Further, as shown in FIG. 6, using the photoresist 12, a high-concentration impurity diffusion layer in the drain region 3 is formed by ion implantation and thermal diffusion.

Then, as shown in FIG. 7, the source region 2a is formed using the photoresist 13 by the ion implantation method and the thermal diffusion.

Then, as shown in FIG. 8, etching is performed using the photoresist 14 as a mask to form the gate 4
Pattern.

After that, as shown in FIG. 9, a protective oxide film 8 is formed.
Are formed by thermal oxidation and position, and contact holes corresponding to the source region 2a and the drain region 3 are formed in the protective oxide film 8 by etching, and then respective electrodes are formed to form a MOSFET.

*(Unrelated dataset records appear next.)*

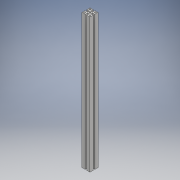
# Autodesk Inventor part: 3030500
Saved by Autodesk Inventor 2018 (Build 220112000, 112)
## iProperties
Created: 2020-09-14
Part Number: 3030500
Material: 일반
Document SubType Name: Sheet Metal
Designer: j3jjj
Density: 1 g/cm^3
Sheet Metal Rule: 기본값_mm
Appearance: 기본값
Author: j3jjj
Autodesk Inventor part; units mm, degrees
ref_plane "YZ Plane" through (0, 0, 0) normal (1, 0, 0) x (0, 1, 0)
ref_plane "XZ Plane" through (0, 0, 0) normal (0, 1, 0) x (-1, 0, 0)
ref_plane "XY Plane" through (0, 0, 0) normal (0, 0, 1) x (1, 0, 0)
sketch "스케치1" plane through (0, 0, 0) normal (0, 0, 1) x (1, 0, 0)
  line L0 (15, 15) -> (-15, 15)
  line L1 (-15, 15) -> (-15, -15)
  line L2 (-15, -15) -> (15, -15)
  line L3 (15, -15) -> (15, 15)
  circle A0 centre (0, 0) radius 2.5
  circle A1 centre (-10, 10) radius 3
  circle A2 centre (10, 10) radius 3
  circle A3 centre (10, -10) radius 3
  circle A4 centre (-10, -10) radius 3
  line L4 (3.15, 15) -> (-3.15, 15)
  line L5 (-3.15, 15) -> (-3.15, 5)
  line L6 (-3.15, 5) -> (3.15, 5)
  line L7 (3.15, 5) -> (3.15, 15)
  line L8 (-15, -3.15) -> (-5, -3.15)
  line L9 (-5, 3.15) -> (-15, 3.15)
  line L10 (-5, -3.15) -> (-5, 3.15)
  line L11 (-15, 3.15) -> (-15, -3.15)
  line L12 (3.15, -15) -> (3.15, -5)
  line L13 (-3.15, -5) -> (-3.15, -15)
  line L14 (3.15, -5) -> (-3.15, -5)
  line L15 (-3.15, -15) -> (3.15, -15)
  line L16 (15, 3.15) -> (5, 3.15)
  line L17 (5, -3.15) -> (15, -3.15)
  line L18 (5, 3.15) -> (5, -3.15)
  line L19 (15, -3.15) -> (15, 3.15)
  dimension "d0" = 30
  dimension "d1" = 15
  dimension "d2" = 30
  dimension "d3" = 15
  dimension "d4" = 20
  dimension "d5" = 10
  dimension "d6" = 20
  dimension "d7" = 10
  dimension "d8" = 20
  dimension "d9" = 20
  dimension "d10" = 10
  dimension "d11" = 10
  dimension "d12" = 6
  dimension "d13" = 6
  dimension "d14" = 6
  dimension "d15" = 6
  dimension "d16" = 5
  dimension "d17" = 0
  dimension "d18" = 6.3
  dimension "d19" = 3.15
  dimension "d20" = 10
  dimension "d23" = 360
  constraints: 40 end point, 5 centre point, 4 parallel, 2 horizontal, 2 perpendicular, 1 coincident, 33 other
  measures "d0" distance between parallel lines of L3 L1
  measures "d1" distance from line of point (0, 0) L1
  measures "d2" distance between parallel lines of L2 L0
  measures "d3" distance from line of point (0, 0) L0
  measures "d4" distance of A4.centre A1.centre
  measures "d5" horizontal distance of point (0, 0) A1.centre
  measures "d6" distance of A2.centre A1.centre
  measures "d7" horizontal distance of A2.centre point (0, 0)
  measures "d8" distance of A3.centre A2.centre
  measures "d9" distance of A3.centre A4.centre
  measures "d10" horizontal distance of point (0, 0) A4.centre
  measures "d11" horizontal distance of A2.centre point (0, 0)
  measures "d12" diameter of A2
  measures "d13" diameter of A3
  measures "d14" diameter of A4
  measures "d15" diameter of A1
  measures "d16" diameter of A0
  measures "d17" distance between parallel lines of L4 L0
  measures "d18" distance between parallel lines of L7 L5
  measures "d19" distance from line of point (0, 0) L5
  measures "d20" distance between parallel lines of L6 L4
extrude "돌출1" add sketch "스케치1" along normal blind 500 contours L3 L16 L18 L17 L2 L12 L14 L13 L1 L8 L10 L9 L0 L5 L6 L7
equation "\"TransitionRadius\" = BendRadius"
equation "\"BendRadius\" = 0.5"

In the above embodiments, the P-type substrate 1 is used as the first conductivity type semiconductor substrate, but the present invention is not limited to this, and some or all of the impurity types may be used. May be the opposite type.

[0033]

As described above, according to the present invention,
A PN junction is provided in the region where the gate and the source overlap, and the band bending is increased by this PN junction.
The probability of tunneling between bands can be increased,
It is possible to increase the current gain, which allows the source,
Other devices can be driven by the current flowing between the drains.

[Brief description of drawings]

FIG. 1 is a sectional view showing a MOS semiconductor device according to an embodiment of the present invention.

FIG. 2 is a diagram showing an impurity distribution in a depth direction of a MOS semiconductor device according to an embodiment of the present invention.

FIG. 3 is a diagram showing a calculation result of an equation for a generation ratio of interband tunnel electrons according to an embodiment of the present invention.

FIG. 4 is a diagram showing a manufacturing process of a MOS semiconductor device according to an embodiment of the present invention.

FIG. 5 is a diagram showing a manufacturing process of a MOS semiconductor device according to an embodiment of the present invention.

FIG. 6 is a diagram showing a manufacturing process of a MOS semiconductor device according to an embodiment of the present invention.

FIG. 7 is a diagram showing a manufacturing process of a MOS semiconductor device according to an embodiment of the present invention.

FIG. 8 is a diagram showing a manufacturing process of a MOS semiconductor device according to an embodiment of the present invention.

FIG. 9 is a diagram showing a manufacturing process of a MOS semiconductor device according to an embodiment of the present invention.

FIG. 10 is a cross-sectional view showing a conventional MOS semiconductor device.

[Explanation of symbols]

 1 Silicon substrate 2a, 2b Source region 3 Drain region 4 Gate 5 Gate oxide film 7 Surface diffusion layer

Claims (1)

[Claims] 1. A MOS provided with a semiconductor substrate of a first conductivity type.
Type semiconductor device, a drain region formed of a second-conductivity-type high-concentration impurity diffusion layer, a source region formed of a first-conductivity-type high-concentration impurity diffusion layer, and a part of the source region on the substrate surface side are formed. A second conductivity type high-concentration impurity diffusion layer region, and a gate partially overlapping the second conductivity type high-concentration impurity diffusion layer region via a gate insulating film. apparatus.